1. AIR 1947 Nag (Majority view).
With respect, this view goes counter to the language of the section. prima facie, as was held by the Madras High Court,1 the word "interest" is not confined to a right of ownership, but is sufficiently large to include any minor interest such as that of a tenant. It is for this reason that a perpetual lessee2 and other lessees have been held to have an interest within the meaning of section 91(a).4-5
1. Paya Mathathil Appu v.

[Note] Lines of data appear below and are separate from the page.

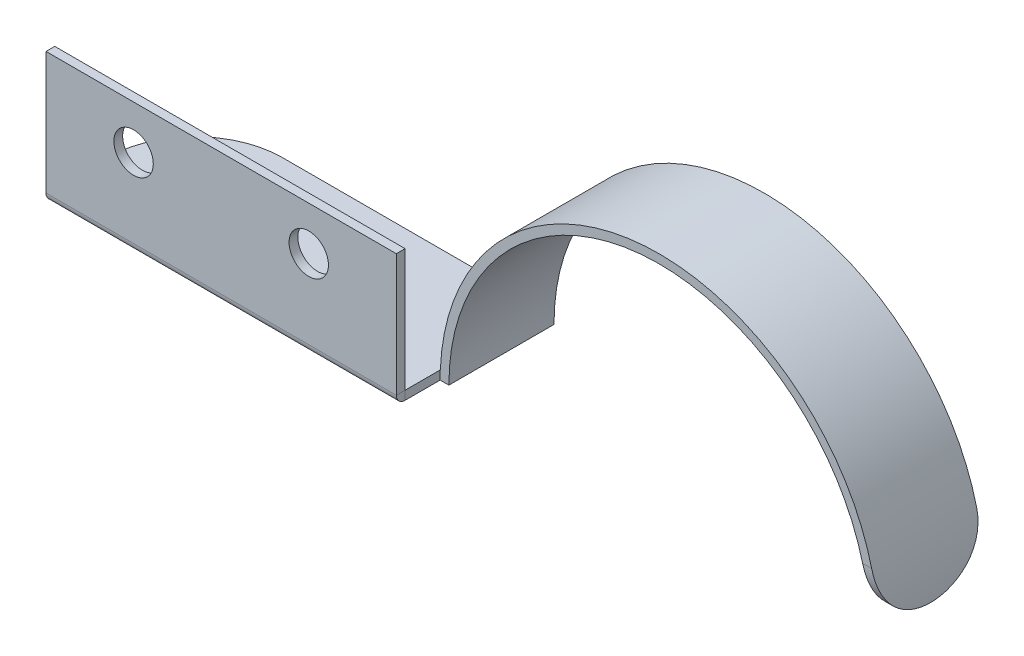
ISO-10303-21;
HEADER;
FILE_DESCRIPTION(('STEP AP214'),'2;1');
FILE_NAME('part.step','',(''),(''),'','','');
FILE_SCHEMA(('AUTOMOTIVE_DESIGN { 1 0 10303 214 1 1 1 1 }'));
ENDSEC;
DATA;
#1=APPLICATION_CONTEXT('core data for automotive mechanical design processes');
#2=APPLICATION_PROTOCOL_DEFINITION('international standard','automotive_design',2000,#1);
#3=PRODUCT_CONTEXT('',#1,'mechanical');
#4=PRODUCT('Part','Part','',(#3));
#5=PRODUCT_RELATED_PRODUCT_CATEGORY('part','',(#4));
#6=PRODUCT_DEFINITION_FORMATION('','',#4);
#7=PRODUCT_DEFINITION_CONTEXT('part definition',#1,'design');
#8=PRODUCT_DEFINITION('design','',#6,#7);
#9=PRODUCT_DEFINITION_SHAPE('','',#8);
#10=(LENGTH_UNIT() NAMED_UNIT(*) SI_UNIT(.MILLI.,.METRE.));
#11=(NAMED_UNIT(*) PLANE_ANGLE_UNIT() SI_UNIT($,.RADIAN.));
#12=(NAMED_UNIT(*) SI_UNIT($,.STERADIAN.) SOLID_ANGLE_UNIT());
#13=UNCERTAINTY_MEASURE_WITH_UNIT(LENGTH_MEASURE(1.E-05),#10,'distance_accuracy_value','');
#14=(GEOMETRIC_REPRESENTATION_CONTEXT(3) GLOBAL_UNCERTAINTY_ASSIGNED_CONTEXT((#13)) GLOBAL_UNIT_ASSIGNED_CONTEXT((#10,
#11,#12)) REPRESENTATION_CONTEXT('',''));
#15=CARTESIAN_POINT('',(0.,0.,0.));
#16=DIRECTION('',(0.,0.,1.));
#17=DIRECTION('',(1.,0.,0.));
#18=AXIS2_PLACEMENT_3D('',#15,#16,#17);
#19=CARTESIAN_POINT('',(65.,0.,-18.));
#20=DIRECTION('',(0.,0.,-1.));
#21=DIRECTION('',(-1.,0.,0.));
#22=AXIS2_PLACEMENT_3D('',#19,#20,#21);
#23=CYLINDRICAL_SURFACE('',#22,24.);
#24=CARTESIAN_POINT('',(65.,0.,-30.));
#25=DIRECTION('',(0.,0.,-1.));
#26=DIRECTION('',(-1.,0.,0.));
#27=AXIS2_PLACEMENT_3D('',#24,#25,#26);
#28=CIRCLE('',#27,24.);
#29=CARTESIAN_POINT('',(41.,0.,-30.));
#30=VERTEX_POINT('',#29);
#31=CARTESIAN_POINT('',(88.2379000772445,6.,-30.));
#32=VERTEX_POINT('',#31);
#33=EDGE_CURVE('E146',#30,#32,#28,.T.);
#34=ORIENTED_EDGE('',*,*,#33,.T.);
#35=CARTESIAN_POINT('',(88.2379000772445,6.,-18.));
#36=CARTESIAN_POINT('',(88.2799795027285,5.83709419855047,-17.9999809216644));
#37=CARTESIAN_POINT('',(88.3203173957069,5.6737241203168,-18.0066342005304));
#38=CARTESIAN_POINT('',(88.3973374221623,5.34719817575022,-18.0333738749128));
#39=CARTESIAN_POINT('',(88.4340190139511,5.18404234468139,-18.0534622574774));
#40=CARTESIAN_POINT('',(88.5035331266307,4.85917422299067,-18.1071543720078));
#41=CARTESIAN_POINT('',(88.5363665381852,4.69746160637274,-18.140754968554));
#42=CARTESIAN_POINT('',(88.5981223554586,4.37667508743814,-18.2214048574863));
#43=CARTESIAN_POINT('',(88.6270450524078,4.21760098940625,-18.2684531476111));
#44=CARTESIAN_POINT('',(88.6810319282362,3.90310418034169,-18.3758843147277));
#45=CARTESIAN_POINT('',(88.7060909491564,3.7476865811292,-18.4362847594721));
#46=CARTESIAN_POINT('',(88.7524163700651,3.4418949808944,-18.570086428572));
#47=CARTESIAN_POINT('',(88.7736813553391,3.29152287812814,-18.6434924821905));
#48=CARTESIAN_POINT('',(88.8125776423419,2.99719357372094,-18.8027764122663));
#49=CARTESIAN_POINT('',(88.8302116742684,2.85323161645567,-18.8886448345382));
#50=CARTESIAN_POINT('',(88.862123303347,2.57274151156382,-19.0723228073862));
#51=CARTESIAN_POINT('',(88.8764008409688,2.4362134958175,-19.1701325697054));
#52=CARTESIAN_POINT('',(88.9017090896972,2.1737990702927,-19.3753397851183));
#53=CARTESIAN_POINT('',(88.912788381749,2.04777670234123,-19.4825574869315));
#54=CARTESIAN_POINT('',(88.9323448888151,1.80491356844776,-19.7071448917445));
#55=CARTESIAN_POINT('',(88.9408221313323,1.68807270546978,-19.8245144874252));
#56=CARTESIAN_POINT('',(88.9555458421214,1.46437633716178,-20.0686462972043));
#57=CARTESIAN_POINT('',(88.9617912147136,1.35752575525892,-20.1954130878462));
#58=CARTESIAN_POINT('',(88.9724239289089,1.15464831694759,-20.4573997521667));
#59=CARTESIAN_POINT('',(88.9768112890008,1.0586213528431,-20.5926195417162));
#60=CARTESIAN_POINT('',(88.9841275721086,0.877442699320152,-20.8715412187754));
#61=CARTESIAN_POINT('',(88.987046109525,0.792371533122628,-21.0152956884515));
#62=CARTESIAN_POINT('',(88.9917403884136,0.634529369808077,-21.3093562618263));
#63=CARTESIAN_POINT('',(88.9935165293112,0.561754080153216,-21.4596600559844));
#64=CARTESIAN_POINT('',(88.9962569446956,0.429024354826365,-21.7657152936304));
#65=CARTESIAN_POINT('',(88.9972217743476,0.36906117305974,-21.9214629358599));
#66=CARTESIAN_POINT('',(88.9986254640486,0.262324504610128,-22.2373642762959));
#67=CARTESIAN_POINT('',(88.9990644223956,0.215548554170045,-22.3975171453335));
#68=CARTESIAN_POINT('',(88.9997853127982,0.117314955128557,-22.7947030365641));
#69=CARTESIAN_POINT('',(88.9999055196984,0.07337029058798,-23.0336346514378));
#70=CARTESIAN_POINT('',(89.000013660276,0.0147139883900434,-23.5150680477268));
#71=CARTESIAN_POINT('',(89.0000015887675,3.49687230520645E-06,-23.7575699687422));
#72=CARTESIAN_POINT('',(88.9999988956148,-2.43074844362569E-06,-24.1685181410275));
#73=CARTESIAN_POINT('',(89.000002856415,0.0071014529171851,-24.3370015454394));
#74=CARTESIAN_POINT('',(88.9999782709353,0.0354635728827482,-24.672824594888));
#75=CARTESIAN_POINT('',(88.9999497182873,0.0567245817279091,-24.840164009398));
#76=CARTESIAN_POINT('',(88.9997492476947,0.113272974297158,-25.1725560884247));
#77=CARTESIAN_POINT('',(88.9995772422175,0.148568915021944,-25.337607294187));
#78=CARTESIAN_POINT('',(88.998906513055,0.232950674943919,-25.6642109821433));
#79=CARTESIAN_POINT('',(88.9984076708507,0.282041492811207,-25.8257621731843));
#80=CARTESIAN_POINT('',(88.9968366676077,0.393621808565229,-26.1440486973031));
#81=CARTESIAN_POINT('',(88.9957648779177,0.456102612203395,-26.3007870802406));
#82=CARTESIAN_POINT('',(88.9927457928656,0.594060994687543,-26.6084983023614));
#83=CARTESIAN_POINT('',(88.99079816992,0.669543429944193,-26.7594689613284));
#84=CARTESIAN_POINT('',(88.9856821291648,0.832900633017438,-27.0544212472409));
#85=CARTESIAN_POINT('',(88.9825143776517,0.920768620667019,-27.1984066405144));
#86=CARTESIAN_POINT('',(88.9745784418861,1.10833174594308,-27.4785058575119));
#87=CARTESIAN_POINT('',(88.9698095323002,1.20803223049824,-27.6146160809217));
#88=CARTESIAN_POINT('',(88.9582905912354,1.41822340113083,-27.8775742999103));
#89=CARTESIAN_POINT('',(88.9515456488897,1.52868588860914,-28.004445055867));
#90=CARTESIAN_POINT('',(88.9356790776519,1.75973440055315,-28.2483350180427));
#91=CARTESIAN_POINT('',(88.9265585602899,1.88031567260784,-28.3653587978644));
#92=CARTESIAN_POINT('',(88.905556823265,2.13076123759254,-28.5888082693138));
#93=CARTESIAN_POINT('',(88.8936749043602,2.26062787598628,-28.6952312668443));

Koyamal Amina, 1896 ILR 19 Mad 151 (153).
2. AIR 1925 Oudh 270 (271).
3. 1880 ILR 6 Cal 317 (319) (Zaripeshgi).
4. 1882 ILR 8 Cal 79 (87) (Patnidar).
5. AIR 1937 Oudh 146 (148).
81.7. Some decisions make a distinction between a lease for a term of years and a year to year lease.1 There does not, however, appear to be any justification for such a distinction in the language of the section. Of course, if the lease is void, the lessee has no right to redeem, because then he does not acquire any lawful interest.2
In an Allahabad case,3 it was held that a perpetual tenant was entitled to redeem. In the same case, it was observed that a tenant-at-will and a tenant on sufferance are not entitled to redeem.
In a Patna case,4 Chatterji and Reuben, JJ. held that a lessee is always entitled to redeem the mortgage as a person "interested". In an Oudh case,5 redemption was not allowed when the lease was binding upon the mortgagee. The extreme view on the side of redemption is expressed in a Calcutta case6 where a person whose lease was void was allowed to redeem.
1. AIR 1925 Oudh 270 (271).
2. AIR 1945 Pat 106 (108).
3. Raghunandan Prasad v. Ambika Singh, (1907) 29 All 679.
4. ILR 23 Pat 648.
5. Kalu Singh v. Hansraj Upadhiya, AIR 1925 Oudh 270.
6. Basanta Kumar v. Adarmani, (1936) 40 CWN 57;
See criticism in Pundarikakshadu v. Kondayya, AIR 1940 Mad 669.
In this position, it is desirable to make the matter clear by adding an Explanation in section 91 to the effect that a lessee of property is a person interested in the property. We recommend such an amendment.